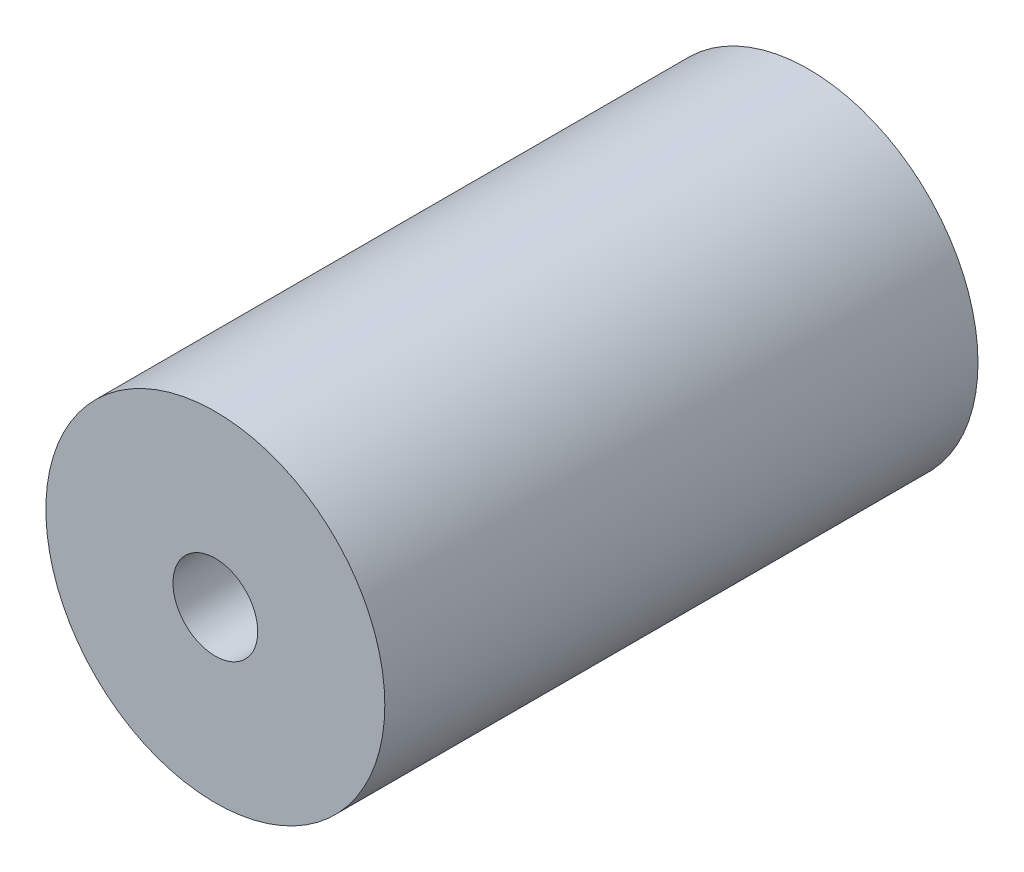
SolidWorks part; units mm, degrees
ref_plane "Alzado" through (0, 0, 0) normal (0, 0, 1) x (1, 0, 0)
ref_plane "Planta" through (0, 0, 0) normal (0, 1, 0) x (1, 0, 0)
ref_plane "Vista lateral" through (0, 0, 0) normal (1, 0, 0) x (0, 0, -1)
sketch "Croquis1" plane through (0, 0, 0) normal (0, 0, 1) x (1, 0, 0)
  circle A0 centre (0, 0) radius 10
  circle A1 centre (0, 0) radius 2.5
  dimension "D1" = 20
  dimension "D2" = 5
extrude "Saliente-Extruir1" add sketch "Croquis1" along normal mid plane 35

━━━━━━━━━━

TASK BRIEF:
Wherever a line in the records contains the word "normal", copy that line.

OUTPUT BELOW:
ref_plane "Alzado" through (0, 0, 0) normal (0, 0, 1) x (1, 0, 0)
ref_plane "Planta" through (0, 0, 0) normal (0, 1, 0) x (1, 0, 0)
ref_plane "Vista lateral" through (0, 0, 0) normal (1, 0, 0) x (0, 0, -1)
sketch "Croquis1" plane through (0, 0, 0) normal (0, 0, 1) x (1, 0, 0)
extrude "Saliente-Extruir1" add sketch "Croquis1" along normal mid plane 35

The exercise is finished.